Anterior Segment Cataract
Intraocular Lens Calculation After Refractive Surgery Wolfgang Haigis
Professor, Department of Ophthalmology, University of Wuerzburg
Abstract
More and more patients who have had corneo-refractive surgery present for intraocular lens (IOL) implantation. IOL calculation in these patients is still a challenge. After refractive surgery, if eyes are treated as normal eyes, high hyperopic errors can occur in previously myopic eyes and moderate myopic errors in formerly hyperopic eyes. Three main sources for these errors can be identified: the radius measurement error, the keratometer index error and the IOL formula error. The literature presents a confusing variety of procedures and formulas to cope with this situation. An analysis of the available literature reveals the different methods used to address the individual error contributions, the magnitude of which is assessed by model calculations. The most relevant formulas for clinical practice are the no-history procedures, which require no previous patient data. Using these methods to calculate IOL power after refractive surgery makes it possible to obtain clinical outcomes of a similar quality to that for normal eyes.
Keywords intraocular lens (IOL) calculation, refractive surgery, laser vision correction, myopic, hyperopic
Disclosure: The author is a consultant to Carl Zeiss Meditec. Received: 28 October 2011 Accepted: 29 November 2011 Citation: European Ophthalmic Review, 2012;6(1):21–4 Correspondence: Wolfgang Haigis, Universitaet Wuerzburg, Augen- und Poliklinik, 11, Josef-Schneider-Str., D-97080 Wuerzburg, Germany. E:
w.haigis@augenklinik.uni-wuerzburg.de
Six decades have passed since the first implantation of an artificial intraocular lens (IOL) into a human eye. Since then, cataract and refractive surgery have developed into the most frequent and most successful surgical interventions in the history of medicine. Every year more than 11 Mio lenses are implanted worldwide, providing excellent chances for the majority of patients to regain good vision. However, a small, yet increasing, number of eyes require special consideration. Among these problem eyes are those with extreme axial lengths and those after refractive surgery. The number of patients presenting with cataract after refractive corneal surgery has been continuously increasing over the years. IOL calculation in these patients is still a challenge, although the special problems associated with these eyes are well understood. In the literature, there are a considerable number of articles offering solutions or workarounds to the IOL calculation problems after refractive surgery. Several review articles include an in-depth analysis of current algorithms.1–4
Help can also be
obtained via the Internet. A spreadsheet (Hoffer/Savini tool) programmed with virtually all the algorithms published to date can be downloaded from Dr Ken Hoffer’s website5
at no cost. Also, on the
American Society of Cataract and Refractive Surgery (ASCRS) website6 an online calculator offers free use of a variety of published calculation methods. Recently, the Asia-Pacific Association of Cataract and Refractive Surgeons (APACRS) also launched a free online calculator for ‘Biometry calculation post refractive surgery‘,7 which is an implementation of Graham Barrett‘s true-K formula.8
This article does not aim to create another detailed review of the current methods to determine IOL power for eyes after refractive surgery. Excellent articles serving this purpose can be found in the literature. Rather, it intends to give a more generalised characterisation of the
© TOUCH BRIEFINGS 2012
specific problems involved and how these are addressed by the different algorithms available.
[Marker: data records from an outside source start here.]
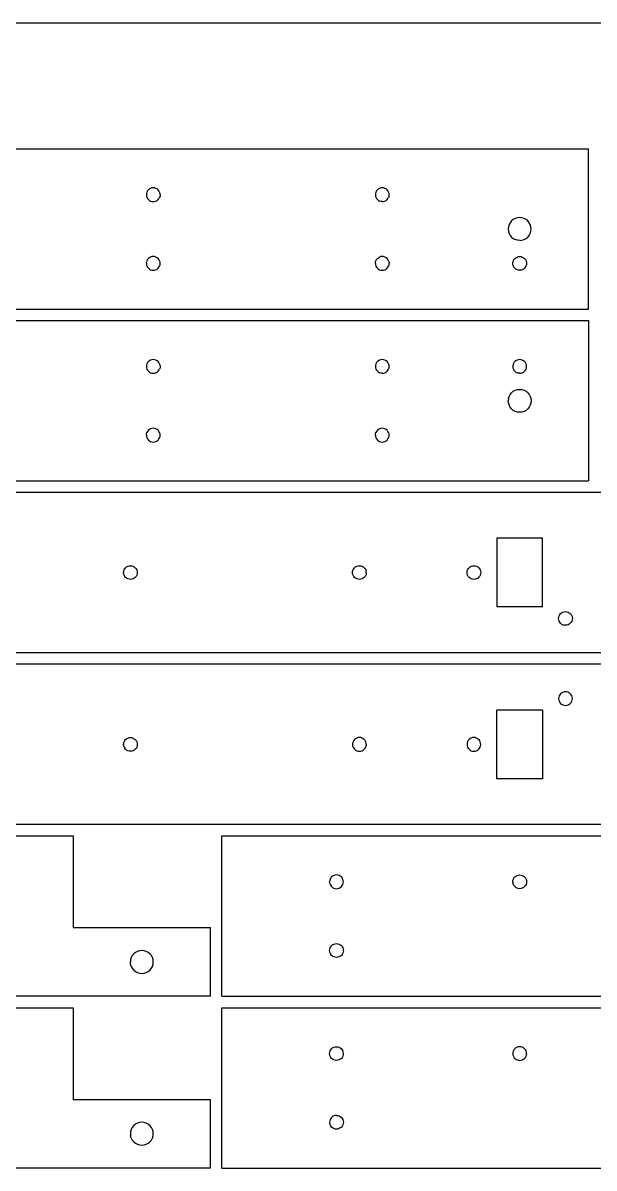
# Model space of a CAD drawing. Extents: x -122 to 122, y -61 to 61.
# Drawn here: x 57.31 to 82.25, y 11 to 61 of the extents above; entities that cross this region are included whole.
import ezdxf

# ---------------------------------------------------------------- set-up
doc = ezdxf.new("R2010")
doc.units = 0

msp = doc.modelspace()

# ---------------------------------------------------------------- linework, layer by layer
for p, q in [((-122, 61), (122, 61)), ((32, 55.5), (82, 55.5)), ((82, 48.5), (82, 55.5)), ((62.706, 53.558), (62.7, 53.5)), ((62.723, 53.615), (62.706, 53.558)), ((62.751, 53.667), (62.723, 53.615)), ((62.788, 53.712), (62.751, 53.667)), ((62.833, 53.749), (62.788, 53.712)), ((62.885, 53.777), (62.833, 53.749)), ((62.941, 53.794), (62.885, 53.777)), ((63, 53.8), (62.941, 53.794)), ((63.058, 53.794), (63, 53.8)), ((63.115, 53.777), (63.058, 53.794)), ((63.167, 53.749), (63.115, 53.777)), ((63.212, 53.712), (63.167, 53.749)), ((63.249, 53.667), (63.212, 53.712)), ((63.277, 53.615), (63.249, 53.667)), ((63.294, 53.558), (63.277, 53.615)), ((63.3, 53.5), (63.294, 53.558)), ((72.701, 53.512), (72.7, 53.5)), ((72.706, 53.558), (72.701, 53.512)), ((72.723, 53.615), (72.706, 53.558)), ((72.751, 53.667), (72.723, 53.615)), ((72.788, 53.712), (72.751, 53.667)), ((72.833, 53.749), (72.788, 53.712)), ((72.885, 53.777), (72.833, 53.749)), ((72.941, 53.794), (72.885, 53.777)), ((73, 53.8), (72.941, 53.794)), ((73.058, 53.794), (73, 53.8)), ((73.115, 53.777), (73.058, 53.794)), ((73.167, 53.749), (73.115, 53.777)), ((73.212, 53.712), (73.167, 53.749)), ((73.249, 53.667), (73.212, 53.712)), ((73.277, 53.615), (73.249, 53.667)), ((73.294, 53.558), (73.277, 53.615)), ((73.3, 53.5), (73.294, 53.558)), ((62.7, 53.5), (62.706, 53.441)), ((62.706, 53.441), (62.723, 53.385)), ((62.723, 53.385), (62.751, 53.333)), ((62.751, 53.333), (62.788, 53.288)), ((62.788, 53.288), (62.833, 53.251)), ((62.833, 53.251), (62.885, 53.223)), ((62.885, 53.223), (62.941, 53.206)), ((62.941, 53.206), (63, 53.2)), ((63, 53.2), (63.058, 53.206)), ((63.058, 53.206), (63.115, 53.223)), ((63.115, 53.223), (63.167, 53.251)), ((63.167, 53.251), (63.212, 53.288)), ((63.212, 53.288), (63.249, 53.333)), ((63.277, 53.385), (63.249, 53.333)), ((63.294, 53.441), (63.277, 53.385)), ((63.299, 53.488), (63.294, 53.441)), ((63.3, 53.5), (63.299, 53.488)), ((72.7, 53.5), (72.706, 53.441)), ((72.706, 53.441), (72.723, 53.385)), ((72.723, 53.385), (72.751, 53.333)), ((72.751, 53.333), (72.788, 53.288)), ((72.788, 53.288), (72.833, 53.251)), ((72.833, 53.251), (72.885, 53.223)), ((72.941, 53.206), (72.885, 53.223)), ((73, 53.2), (72.941, 53.206)), ((73, 53.2), (73.058, 53.206)), ((73.058, 53.206), (73.115, 53.223)), ((73.115, 53.223), (73.167, 53.251)), ((73.167, 53.251), (73.212, 53.288)), ((73.212, 53.288), (73.249, 53.333)), ((73.249, 53.333), (73.277, 53.385)), ((73.294, 53.441), (73.277, 53.385)), ((73.294, 53.441), (73.3, 53.5)), ((78.51, 52.098), (78.5, 52)), ((78.538, 52.191), (78.51, 52.098)), ((78.584, 52.278), (78.538, 52.191)), ((78.646, 52.354), (78.584, 52.278)), ((78.722, 52.416), (78.646, 52.354)), ((78.809, 52.462), (78.722, 52.416)), ((78.902, 52.49), (78.809, 52.462)), ((79, 52.5), (78.902, 52.49)), ((79.098, 52.49), (79, 52.5)), ((79.191, 52.462), (79.098, 52.49)), ((79.278, 52.416), (79.191, 52.462)), ((79.354, 52.354), (79.278, 52.416)), ((79.416, 52.278), (79.354, 52.354)), ((79.462, 52.191), (79.416, 52.278)), ((79.49, 52.098), (79.462, 52.191)), ((79.5, 52), (79.49, 52.098)), ((78.5, 52), (78.51, 51.902)), ((78.51, 51.902), (78.538, 51.809)), ((78.538, 51.809), (78.584, 51.722)), ((78.584, 51.722), (78.646, 51.646)), ((78.646, 51.646), (78.722, 51.584)), ((78.722, 51.584), (78.809, 51.538)), ((78.902, 51.51), (78.809, 51.538)), ((79, 51.5), (78.902, 51.51)), ((79, 51.5), (79.098, 51.51)), ((79.098, 51.51), (79.191, 51.538)), ((79.191, 51.538), (79.278, 51.584)), ((79.278, 51.584), (79.354, 51.646)), ((79.354, 51.646), (79.416, 51.722)), ((79.416, 51.722), (79.462, 51.809)), ((79.462, 51.809), (79.49, 51.902)), ((79.49, 51.902), (79.5, 52)), ((62.701, 50.512), (62.7, 50.5)), ((62.701, 50.512), (62.706, 50.558)), ((62.723, 50.615), (62.706, 50.558)), ((62.751, 50.667), (62.723, 50.615)), ((62.788, 50.712), (62.751, 50.667)), ((62.833, 50.749), (62.788, 50.712)), ((62.885, 50.777), (62.833, 50.749)), ((62.941, 50.794), (62.885, 50.777)), ((63, 50.8), (62.941, 50.794)), ((63.058, 50.794), (63, 50.8)), ((63.115, 50.777), (63.058, 50.794)), ((63.167, 50.749), (63.115, 50.777)), ((63.212, 50.712), (63.167, 50.749)), ((63.249, 50.667), (63.212, 50.712)), ((63.277, 50.615), (63.249, 50.667)), ((63.294, 50.558), (63.277, 50.615)), ((63.3, 50.5), (63.294, 50.558)), ((72.7, 50.5), (72.706, 50.558)), ((72.706, 50.558), (72.723, 50.615)), ((72.723, 50.615), (72.751, 50.667)), ((72.751, 50.667), (72.788, 50.712)), ((72.788, 50.712), (72.833, 50.749)), ((72.833, 50.749), (72.885, 50.777)), ((72.941, 50.794), (72.885, 50.777)), ((73, 50.8), (72.941, 50.794)), ((73.058, 50.794), (73, 50.8)), ((73.115, 50.777), (73.058, 50.794)), ((73.167, 50.749), (73.115, 50.777)), ((73.212, 50.712), (73.167, 50.749)), ((73.249, 50.667), (73.212, 50.712)), ((73.277, 50.615), (73.249, 50.667)), ((73.294, 50.558), (73.277, 50.615)), ((73.294, 50.558), (73.3, 50.5)), ((78.7, 50.5), (78.706, 50.558)), ((78.706, 50.558), (78.723, 50.615)), ((78.723, 50.615), (78.751, 50.667)), ((78.751, 50.667), (78.788, 50.712)), ((78.788, 50.712), (78.833, 50.749)), ((78.833, 50.749), (78.885, 50.777)), ((78.885, 50.777), (78.941, 50.794)), ((78.941, 50.794), (79, 50.8)), ((79, 50.8), (79.058, 50.794)), ((79.058, 50.794), (79.115, 50.777)), ((79.115, 50.777), (79.167, 50.749)), ((79.167, 50.749), (79.212, 50.712)), ((79.212, 50.712), (79.249, 50.667)), ((79.249, 50.667), (79.277, 50.615)), ((79.277, 50.615), (79.294, 50.558)), ((79.294, 50.558), (79.3, 50.5)), ((62.7, 50.5), (62.706, 50.441)), ((62.706, 50.441), (62.723, 50.385)), ((62.723, 50.385), (62.751, 50.333)), ((62.751, 50.333), (62.788, 50.288)), ((62.788, 50.288), (62.833, 50.251)), ((62.833, 50.251), (62.885, 50.223)), ((62.885, 50.223), (62.941, 50.206)), ((62.941, 50.206), (63, 50.2)), ((63, 50.2), (63.058, 50.206)), ((63.058, 50.206), (63.115, 50.223)), ((63.115, 50.223), (63.167, 50.251)), ((63.167, 50.251), (63.212, 50.288)), ((63.212, 50.288), (63.249, 50.333)), ((63.249, 50.333), (63.277, 50.385)), ((63.277, 50.385), (63.294, 50.441)), ((63.294, 50.441), (63.3, 50.5)), ((72.7, 50.5), (72.706, 50.441)), ((72.706, 50.441), (72.723, 50.385)), ((72.723, 50.385), (72.751, 50.333)), ((72.751, 50.333), (72.788, 50.288)), ((72.788, 50.288), (72.833, 50.251)), ((72.833, 50.251), (72.885, 50.223)), ((72.885, 50.223), (72.941, 50.206)), ((72.941, 50.206), (73, 50.2)), ((73, 50.2), (73.058, 50.206)), ((73.058, 50.206), (73.115, 50.223)), ((73.115, 50.223), (73.167, 50.251)), ((73.167, 50.251), (73.212, 50.288)), ((73.212, 50.288), (73.249, 50.333)), ((73.249, 50.333), (73.277, 50.385)), ((73.277, 50.385), (73.294, 50.441)), ((73.294, 50.441), (73.3, 50.5)), ((78.706, 50.441), (78.7, 50.5)), ((78.723, 50.385), (78.706, 50.441)), ((78.751, 50.333), (78.723, 50.385)), ((78.788, 50.288), (78.751, 50.333)), ((78.833, 50.251), (78.788, 50.288)), ((78.885, 50.223), (78.833, 50.251)), ((78.941, 50.206), (78.885, 50.223)), ((79, 50.2), (78.941, 50.206)), ((79.058, 50.206), (79, 50.2)), ((79.115, 50.223), (79.058, 50.206)), ((79.167, 50.251), (79.115, 50.223)), ((79.212, 50.288), (79.167, 50.251)), ((79.249, 50.333), (79.212, 50.288)), ((79.249, 50.333), (79.277, 50.385)), ((79.277, 50.385), (79.294, 50.441)), ((79.3, 50.5), (79.294, 50.441)), ((32, 48.5), (82, 48.5)), ((32, 48), (82, 48)), ((82, 48), (82, 41)), ((62.706, 46.058), (62.7, 46)), ((62.723, 46.115), (62.706, 46.058)), ((62.751, 46.167), (62.723, 46.115)), ((62.788, 46.212), (62.751, 46.167)), ((62.833, 46.249), (62.788, 46.212)), ((62.885, 46.277), (62.833, 46.249)), ((62.941, 46.294), (62.885, 46.277)), ((63, 46.3), (62.941, 46.294)), ((63.059, 46.294), (63, 46.3)), ((63.115, 46.277), (63.059, 46.294)), ((63.167, 46.249), (63.115, 46.277)), ((63.212, 46.212), (63.167, 46.249)), ((63.249, 46.167), (63.212, 46.212)), ((63.277, 46.115), (63.249, 46.167)), ((63.294, 46.058), (63.277, 46.115)), ((63.298, 46.023), (63.294, 46.058)), ((63.298, 46.023), (63.3, 46)), ((72.706, 46.058), (72.7, 46)), ((72.723, 46.115), (72.706, 46.058)), ((72.751, 46.167), (72.723, 46.115)), ((72.788, 46.212), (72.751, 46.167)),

Also an update on the clinical performance of the Haigis-L formula9 is
presented. Since its publication in 2008, the outcomes of 91 more eyes have become available, leading to a total of 278 documented cases.
Biometry
After refractive surgery eyes are considered problem eyes because of the specific difficulties associated with IOL calculation (which are discussed below) and the high expectations patients have about the outcomes of surgical procedures. In this situation, all factors potentially threatening the quality of the surgical result have to be under control. Measurement errors, for example, must be minimised and this is especially true for axial length, which has been the largest source of error in IOL calculation. With optical biometry, the quality of axial length measurement is no longer a problem. Consequently, patients who have undergone refractive surgery should have axial length measurement using optical biometry (or immersion ultrasound) rather than contact ultrasound.
Specific Problems for Eyes after Refractive Surgery
Error Sources for Intraocular Lens Calculation Essentially, there are three main sources of errors in IOL calculation after refractive surgery: the radius measurement error, the keratometer index error and the IOL formula error.
The refractive power of the cornea (however it may be defined) is an important input parameter for the calculation of IOL power.